First, note that my $foo = 'bar' if 0; is documented to be undefined behaviour, meaning it's allowed to do anything including crash. But I'll explain what happens anyway.
my $x has three documented effects:
It declares a symbol at compile-time.
It creates an new variable on execution.
It returns the new variable on execution.
In short, it's suppose to be like Java's Scalar x = new Scalar();, except it returns the variable if used in an expression.
But if it actually worked that way, the following would create 100 variables:
for (1..100) {
my $x = rand();
print "$x\n";
}
This would mean two or three memory allocations per loop iteration for the my alone! A very expensive prospect. Instead, Perl only creates one variable and clears it at the end of the scope. So in reality, my $x actually does the following:
It declares a symbol at compile-time.
It creates the variable at compile-time[1].
It puts a directive on the stack that will clear[2] the variable when the scope is exited.
It returns the new variable on execution.
As such, only one variable is ever created[2]. This is much more CPU-efficient than then creating one every time the scope is entered.
Now consider what happens if you execute a my conditionally, or never at all. By doing so, you are preventing it from placing the directive to clear the variable on the stack, so the variable never loses its value. Obviously, that's not meant to happen, so that's why my ... if ...; isn't allowed.

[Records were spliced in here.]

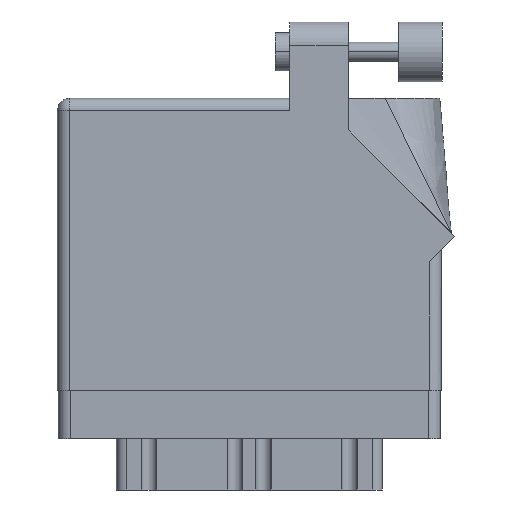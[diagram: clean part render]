
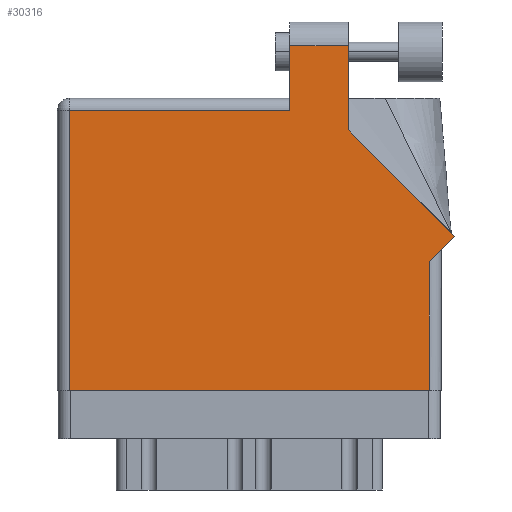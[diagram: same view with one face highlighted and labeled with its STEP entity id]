
A CAD part, front view. The second image highlights one B-rep face of the part: STEP entity #30316.
In plain terms, the highlighted face is planar.
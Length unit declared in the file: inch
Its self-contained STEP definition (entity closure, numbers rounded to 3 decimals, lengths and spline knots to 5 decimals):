
#137 = CARTESIAN_POINT ( 'NONE',  ( 2.01, 0.737, 0. ) ) ;
#735 = DIRECTION ( 'NONE',  ( 0., -1., 0. ) ) ;
#1057 = ORIENTED_EDGE ( 'NONE', *, *, #14263, .T. ) ;
#1399 = VERTEX_POINT ( 'NONE', #28278 ) ;
#2211 = DIRECTION ( 'NONE',  ( -1., 0., 0. ) ) ;
#3450 = CARTESIAN_POINT ( 'NONE',  ( 0.062, 1.468, 0. ) ) ;
#4120 = EDGE_CURVE ( 'NONE', #23647, #16486, #34311, .T. ) ;
#4313 = ORIENTED_EDGE ( 'NONE', *, *, #6048, .T. ) ;
#5619 = CARTESIAN_POINT ( 'NONE',  ( 0., 0., 0. ) ) ;
#5882 = CARTESIAN_POINT ( 'NONE',  ( 1.217, 1.805, 0. ) ) ;
#6048 = EDGE_CURVE ( 'NONE', #27218, #1399, #33532, .T. ) ;
#6577 = ORIENTED_EDGE ( 'NONE', *, *, #28907, .T. ) ;
#8420 = LINE ( 'NONE', #5619, #34620 ) ;
#8974 = VECTOR ( 'NONE', #22591, 39.37008 ) ;
#9494 = VECTOR ( 'NONE', #30909, 39.37008 ) ;
#9821 = CARTESIAN_POINT ( 'NONE',  ( 1.217, 1.468, 0. ) ) ;
#10022 = VECTOR ( 'NONE', #11503, 39.37008 ) ;
#10277 = EDGE_CURVE ( 'NONE', #16486, #10575, #21454, .T. ) ;
#10575 = VERTEX_POINT ( 'NONE', #9821 ) ;
#10762 = CARTESIAN_POINT ( 'NONE',  ( 2.08071, 0.80771, 0. ) ) ;
#11157 = ORIENTED_EDGE ( 'NONE', *, *, #31259, .T. ) ;
#11449 = LINE ( 'NONE', #10762, #25842 ) ;
#11503 = DIRECTION ( 'NONE',  ( 0., 1., 0. ) ) ;
#12259 = VERTEX_POINT ( 'NONE', #12868 ) ;
#12411 = CARTESIAN_POINT ( 'NONE',  ( 0., 1.468, 0. ) ) ;
#12796 = AXIS2_PLACEMENT_3D ( 'NONE', #19158, #23889, #32130 ) ;
#12813 = ORIENTED_EDGE ( 'NONE', *, *, #21271, .T. ) ;
#12868 = CARTESIAN_POINT ( 'NONE',  ( 0.062, 0., 0. ) ) ;
#12948 = DIRECTION ( 'NONE',  ( 0.707, 0.707, 0. ) ) ;
#13184 = FACE_OUTER_BOUND ( 'NONE', #13301, .T. ) ;
#13301 = EDGE_LOOP ( 'NONE', ( #11157, #14744, #24725, #29296, #1057, #6577, #4313, #22058, #12813 ) ) ;
#13610 = CARTESIAN_POINT ( 'NONE',  ( 1.217, 1.805, 0. ) ) ;
#14165 = CARTESIAN_POINT ( 'NONE',  ( 1.524, 1.805, 0. ) ) ;
#14263 = EDGE_CURVE ( 'NONE', #32227, #12259, #17192, .T. ) ;
#14744 = ORIENTED_EDGE ( 'NONE', *, *, #4120, .T. ) ;
#16486 = VERTEX_POINT ( 'NONE', #5882 ) ;
#17192 = LINE ( 'NONE', #27888, #25624 ) ;
#19158 = CARTESIAN_POINT ( 'NONE',  ( 0., 1.53, 0. ) ) ;
#19200 = EDGE_CURVE ( 'NONE', #10575, #32227, #23111, .T. ) ;
#20238 = CARTESIAN_POINT ( 'NONE',  ( 1.948, 0.737, 0. ) ) ;
#21271 = EDGE_CURVE ( 'NONE', #28471, #33304, #11449, .T. ) ;
#21454 = LINE ( 'NONE', #27375, #29509 ) ;
#21644 = DIRECTION ( 'NONE',  ( -0.707, 0.707, 0. ) ) ;
#21907 = EDGE_CURVE ( 'NONE', #1399, #28471, #28382, .T. ) ;
#21956 = VECTOR ( 'NONE', #12948, 39.37008 ) ;
#22058 = ORIENTED_EDGE ( 'NONE', *, *, #21907, .T. ) ;
#22490 = CARTESIAN_POINT ( 'NONE',  ( 1.524, 1.36442, 0. ) ) ;
#22591 = DIRECTION ( 'NONE',  ( -1., 0., 0. ) ) ;
#23111 = LINE ( 'NONE', #12411, #8974 ) ;
#23647 = VERTEX_POINT ( 'NONE', #14165 ) ;
#23889 = DIRECTION ( 'NONE',  ( 0., 0., -1. ) ) ;
#24567 = DIRECTION ( 'NONE',  ( 0., -1., 0. ) ) ;
#24725 = ORIENTED_EDGE ( 'NONE', *, *, #10277, .T. ) ;
#25380 = CARTESIAN_POINT ( 'NONE',  ( 1.524, 1.36442, 0. ) ) ;
#25624 = VECTOR ( 'NONE', #24567, 39.37008 ) ;
#25842 = VECTOR ( 'NONE', #21644, 39.37008 ) ;
#26032 = CARTESIAN_POINT ( 'NONE',  ( 1.948, 0., 0. ) ) ;
#26041 = CARTESIAN_POINT ( 'NONE',  ( 2.08071, 0.80771, 0. ) ) ;
#26682 = PLANE ( 'NONE',  #12796 ) ;
#27218 = VERTEX_POINT ( 'NONE', #26032 ) ;
#27375 = CARTESIAN_POINT ( 'NONE',  ( 1.217, 1.53, 0. ) ) ;
#27888 = CARTESIAN_POINT ( 'NONE',  ( 0.062, 0., 0. ) ) ;
#28278 = CARTESIAN_POINT ( 'NONE',  ( 1.948, 0.675, 0. ) ) ;
#28382 = LINE ( 'NONE', #137, #21956 ) ;
#28471 = VERTEX_POINT ( 'NONE', #26041 ) ;
#28907 = EDGE_CURVE ( 'NONE', #12259, #27218, #8420, .T. ) ;
#29153 = DIRECTION ( 'NONE',  ( 1., 0., 0. ) ) ;
#29296 = ORIENTED_EDGE ( 'NONE', *, *, #19200, .T. ) ;
#29509 = VECTOR ( 'NONE', #735, 39.37008 ) ;
#30316 = ADVANCED_FACE ( 'NONE', ( #13184 ), #26682, .F. ) ;
#30909 = DIRECTION ( 'NONE',  ( 0., 1., 0. ) ) ;
#31259 = EDGE_CURVE ( 'NONE', #33304, #23647, #33426, .T. ) ;
#31906 = VECTOR ( 'NONE', #2211, 39.37008 ) ;
#32130 = DIRECTION ( 'NONE',  ( -1., 0., 0. ) ) ;
#32227 = VERTEX_POINT ( 'NONE', #3450 ) ;
#33304 = VERTEX_POINT ( 'NONE', #22490 ) ;
#33426 = LINE ( 'NONE', #25380, #10022 ) ;
#33532 = LINE ( 'NONE', #20238, #9494 ) ;
#34311 = LINE ( 'NONE', #13610, #31906 ) ;
#34620 = VECTOR ( 'NONE', #29153, 39.37008 ) ;
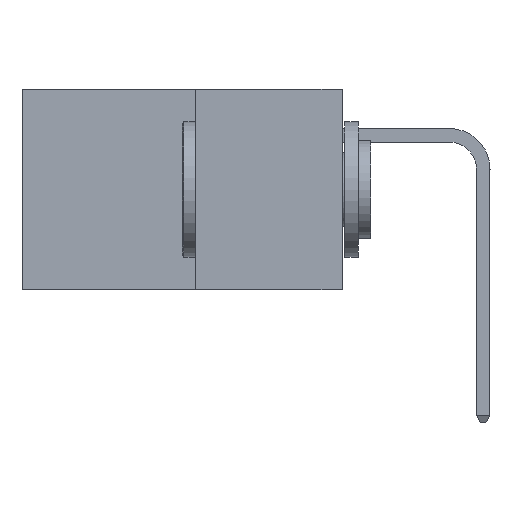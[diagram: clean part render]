
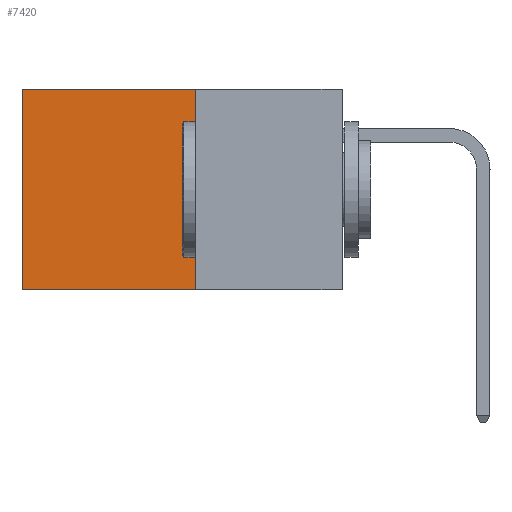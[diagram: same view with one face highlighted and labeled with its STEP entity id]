
A CAD part, left-side view. The second image highlights one B-rep face of the part: STEP entity #7420.
In plain terms, the highlighted planar face has unit normal (-1, 0, 0).
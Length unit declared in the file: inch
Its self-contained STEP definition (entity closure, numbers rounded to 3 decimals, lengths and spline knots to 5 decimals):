
#748 = DIRECTION ( 'NONE',  ( 0., 1., 0. ) ) ;
#1540 = DIRECTION ( 'NONE',  ( 0., 1., 0. ) ) ;
#1840 = VECTOR ( 'NONE', #11033, 39.37008 ) ;
#1855 = CARTESIAN_POINT ( 'NONE',  ( 0.277, 0.59, 0. ) ) ;
#3698 = CARTESIAN_POINT ( 'NONE',  ( 0.277, 0.59, -0.37 ) ) ;
#3815 = PLANE ( 'NONE',  #4080 ) ;
#4080 = AXIS2_PLACEMENT_3D ( 'NONE', #5452, #7072, #17934 ) ;
#4218 = ORIENTED_EDGE ( 'NONE', *, *, #12892, .F. ) ;
#4705 = VERTEX_POINT ( 'NONE', #7000 ) ;
#5310 = EDGE_CURVE ( 'NONE', #4705, #11384, #6184, .T. ) ;
#5321 = VECTOR ( 'NONE', #17841, 39.37008 ) ;
#5452 = CARTESIAN_POINT ( 'NONE',  ( 0.277, 0.27, -0.37 ) ) ;
#6181 = CARTESIAN_POINT ( 'NONE',  ( 0.277, 0.27, -0.37 ) ) ;
#6184 = LINE ( 'NONE', #11197, #1840 ) ;
#7000 = CARTESIAN_POINT ( 'NONE',  ( 0.277, 0.27, 0. ) ) ;
#7072 = DIRECTION ( 'NONE',  ( 1., 0., 0. ) ) ;
#7420 = ADVANCED_FACE ( 'NONE', ( #8315 ), #3815, .F. ) ;
#8315 = FACE_OUTER_BOUND ( 'NONE', #15764, .T. ) ;
#8492 = ORIENTED_EDGE ( 'NONE', *, *, #5310, .F. ) ;
#9252 = LINE ( 'NONE', #12041, #12915 ) ;
#9453 = EDGE_CURVE ( 'NONE', #4705, #10304, #9252, .T. ) ;
#9546 = LINE ( 'NONE', #3698, #5321 ) ;
#10304 = VERTEX_POINT ( 'NONE', #1855 ) ;
#10868 = VECTOR ( 'NONE', #1540, 39.37008 ) ;
#11033 = DIRECTION ( 'NONE',  ( 0., 0., -1. ) ) ;
#11197 = CARTESIAN_POINT ( 'NONE',  ( 0.277, 0.27, -0.37 ) ) ;
#11311 = CARTESIAN_POINT ( 'NONE',  ( 0.277, 0.59, -0.37 ) ) ;
#11384 = VERTEX_POINT ( 'NONE', #6181 ) ;
#11524 = VERTEX_POINT ( 'NONE', #11311 ) ;
#12041 = CARTESIAN_POINT ( 'NONE',  ( 0.277, 0.27, 0. ) ) ;
#12892 = EDGE_CURVE ( 'NONE', #11384, #11524, #15473, .T. ) ;
#12915 = VECTOR ( 'NONE', #748, 39.37008 ) ;
#15473 = LINE ( 'NONE', #17299, #10868 ) ;
#15764 = EDGE_LOOP ( 'NONE', ( #20360, #4218, #8492, #17228 ) ) ;
#16454 = EDGE_CURVE ( 'NONE', #10304, #11524, #9546, .T. ) ;
#17228 = ORIENTED_EDGE ( 'NONE', *, *, #9453, .T. ) ;
#17299 = CARTESIAN_POINT ( 'NONE',  ( 0.277, 0.27, -0.37 ) ) ;
#17841 = DIRECTION ( 'NONE',  ( 0., 0., -1. ) ) ;
#17934 = DIRECTION ( 'NONE',  ( 0., 0., -1. ) ) ;
#20360 = ORIENTED_EDGE ( 'NONE', *, *, #16454, .T. ) ;

Some take advantage of the implementation as follows:
sub foo {
my $state if 0;
$state = 5 if !defined($state);
print "$state\n";
++$state;
}
foo(); # 5
foo(); # 6
foo(); # 7
But doing so requires ignoring the documentation forbidding it. The above can be achieved safely using
{
my $state = 5;
sub foo {
print "$state\n";
++$state;
}
}
or
use feature qw( state ); # Or: use 5.010;
sub foo {
state $state = 5;
print "$state\n";
++$state;
}
Notes:
"Variable" can mean a couple of things. I'm not sure which definition is accurate here, but it doesn't matter.
If anything but the sub itself holds a reference to the variable (REFCNT>1) or if variable contains an object, the directive replaces the variable with a new one (on scope exit) instead of clearing the existing one. This allows the following to work as it should:
my #a;
for (...) {
my $x = ...;
push #a, \$x;
}
See ikegami's better answer, probably above.
In the first example, you never define $foo inside the loop because of the conditional, so when you use it, you're referencing and then assigning a value to an implicitly declared global variable. Then, the second time through the loop that outside variable is already defined.
In the second example, $baz is defined inside the block each time the block is executed. So the second time through the loop it is a new, not yet defined, local variable.